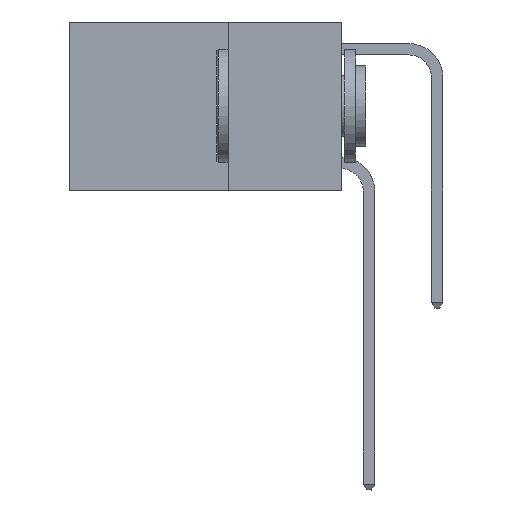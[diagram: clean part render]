
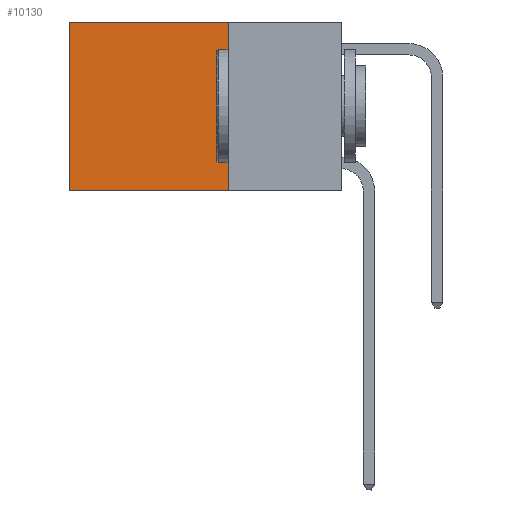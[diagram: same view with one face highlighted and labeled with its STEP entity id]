
A CAD part, left-side view. The second image highlights one B-rep face of the part: STEP entity #10130.
In plain terms, the highlighted planar face has unit normal (-1, 0, 0).
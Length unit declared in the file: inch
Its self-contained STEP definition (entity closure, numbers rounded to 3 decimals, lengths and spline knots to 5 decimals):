
#722 = CARTESIAN_POINT ( 'NONE',  ( 0.2625, 0.6, 0. ) ) ;
#1107 = DIRECTION ( 'NONE',  ( 1., 0., 0. ) ) ;
#1114 = LINE ( 'NONE', #12685, #4867 ) ;
#1534 = AXIS2_PLACEMENT_3D ( 'NONE', #12959, #1107, #6964 ) ;
#2045 = CARTESIAN_POINT ( 'NONE',  ( 0.2625, 0.25, -0.37 ) ) ;
#2160 = EDGE_CURVE ( 'NONE', #19206, #9880, #12905, .T. ) ;
#2161 = EDGE_CURVE ( 'NONE', #13280, #2764, #7700, .T. ) ;
#2764 = VERTEX_POINT ( 'NONE', #722 ) ;
#3052 = CARTESIAN_POINT ( 'NONE',  ( 0.2625, 0.25, 0. ) ) ;
#3530 = FACE_OUTER_BOUND ( 'NONE', #14245, .T. ) ;
#3878 = LINE ( 'NONE', #17032, #19432 ) ;
#4414 = EDGE_CURVE ( 'NONE', #13280, #19206, #3878, .T. ) ;
#4867 = VECTOR ( 'NONE', #17264, 39.37008 ) ;
#6341 = ORIENTED_EDGE ( 'NONE', *, *, #4414, .F. ) ;
#6657 = ORIENTED_EDGE ( 'NONE', *, *, #2161, .T. ) ;
#6964 = DIRECTION ( 'NONE',  ( 0., 0., -1. ) ) ;
#7616 = ORIENTED_EDGE ( 'NONE', *, *, #11827, .T. ) ;
#7700 = LINE ( 'NONE', #15747, #14318 ) ;
#8864 = VECTOR ( 'NONE', #15675, 39.37008 ) ;
#9880 = VERTEX_POINT ( 'NONE', #11379 ) ;
#10090 = ORIENTED_EDGE ( 'NONE', *, *, #2160, .F. ) ;
#10130 = ADVANCED_FACE ( 'NONE', ( #3530 ), #14591, .F. ) ;
#10169 = DIRECTION ( 'NONE',  ( 0., 1., 0. ) ) ;
#11379 = CARTESIAN_POINT ( 'NONE',  ( 0.2625, 0.6, -0.37 ) ) ;
#11827 = EDGE_CURVE ( 'NONE', #2764, #9880, #1114, .T. ) ;
#12685 = CARTESIAN_POINT ( 'NONE',  ( 0.2625, 0.6, 0. ) ) ;
#12905 = LINE ( 'NONE', #2045, #8864 ) ;
#12959 = CARTESIAN_POINT ( 'NONE',  ( 0.2625, 0.25, 0. ) ) ;
#13280 = VERTEX_POINT ( 'NONE', #3052 ) ;
#14245 = EDGE_LOOP ( 'NONE', ( #7616, #10090, #6341, #6657 ) ) ;
#14318 = VECTOR ( 'NONE', #10169, 39.37008 ) ;
#14591 = PLANE ( 'NONE',  #1534 ) ;
#14996 = CARTESIAN_POINT ( 'NONE',  ( 0.2625, 0.25, -0.37 ) ) ;
#15489 = DIRECTION ( 'NONE',  ( 0., 0., -1. ) ) ;
#15675 = DIRECTION ( 'NONE',  ( 0., 1., 0. ) ) ;
#15747 = CARTESIAN_POINT ( 'NONE',  ( 0.2625, 0.25, 0. ) ) ;
#17032 = CARTESIAN_POINT ( 'NONE',  ( 0.2625, 0.25, 0. ) ) ;
#17264 = DIRECTION ( 'NONE',  ( 0., 0., -1. ) ) ;
#19206 = VERTEX_POINT ( 'NONE', #14996 ) ;
#19432 = VECTOR ( 'NONE', #15489, 39.37008 ) ;

| Aim of the task |
The lines above from the one with "#722 = CARTESIAN_POINT" through the one with "#14591 = PLANE" are to be duplicated exactly, ends included, with nothing added.

| Written answer |
#722 = CARTESIAN_POINT ( 'NONE',  ( 0.2625, 0.6, 0. ) ) ;
#1107 = DIRECTION ( 'NONE',  ( 1., 0., 0. ) ) ;
#1114 = LINE ( 'NONE', #12685, #4867 ) ;
#1534 = AXIS2_PLACEMENT_3D ( 'NONE', #12959, #1107, #6964 ) ;
#2045 = CARTESIAN_POINT ( 'NONE',  ( 0.2625, 0.25, -0.37 ) ) ;
#2160 = EDGE_CURVE ( 'NONE', #19206, #9880, #12905, .T. ) ;
#2161 = EDGE_CURVE ( 'NONE', #13280, #2764, #7700, .T. ) ;
#2764 = VERTEX_POINT ( 'NONE', #722 ) ;
#3052 = CARTESIAN_POINT ( 'NONE',  ( 0.2625, 0.25, 0. ) ) ;
#3530 = FACE_OUTER_BOUND ( 'NONE', #14245, .T. ) ;
#3878 = LINE ( 'NONE', #17032, #19432 ) ;
#4414 = EDGE_CURVE ( 'NONE', #13280, #19206, #3878, .T. ) ;
#4867 = VECTOR ( 'NONE', #17264, 39.37008 ) ;
#6341 = ORIENTED_EDGE ( 'NONE', *, *, #4414, .F. ) ;
#6657 = ORIENTED_EDGE ( 'NONE', *, *, #2161, .T. ) ;
#6964 = DIRECTION ( 'NONE',  ( 0., 0., -1. ) ) ;
#7616 = ORIENTED_EDGE ( 'NONE', *, *, #11827, .T. ) ;
#7700 = LINE ( 'NONE', #15747, #14318 ) ;
#8864 = VECTOR ( 'NONE', #15675, 39.37008 ) ;
#9880 = VERTEX_POINT ( 'NONE', #11379 ) ;
#10090 = ORIENTED_EDGE ( 'NONE', *, *, #2160, .F. ) ;
#10130 = ADVANCED_FACE ( 'NONE', ( #3530 ), #14591, .F. ) ;
#10169 = DIRECTION ( 'NONE',  ( 0., 1., 0. ) ) ;
#11379 = CARTESIAN_POINT ( 'NONE',  ( 0.2625, 0.6, -0.37 ) ) ;
#11827 = EDGE_CURVE ( 'NONE', #2764, #9880, #1114, .T. ) ;
#12685 = CARTESIAN_POINT ( 'NONE',  ( 0.2625, 0.6, 0. ) ) ;
#12905 = LINE ( 'NONE', #2045, #8864 ) ;
#12959 = CARTESIAN_POINT ( 'NONE',  ( 0.2625, 0.25, 0. ) ) ;
#13280 = VERTEX_POINT ( 'NONE', #3052 ) ;
#14245 = EDGE_LOOP ( 'NONE', ( #7616, #10090, #6341, #6657 ) ) ;
#14318 = VECTOR ( 'NONE', #10169, 39.37008 ) ;
#14591 = PLANE ( 'NONE',  #1534 ) ;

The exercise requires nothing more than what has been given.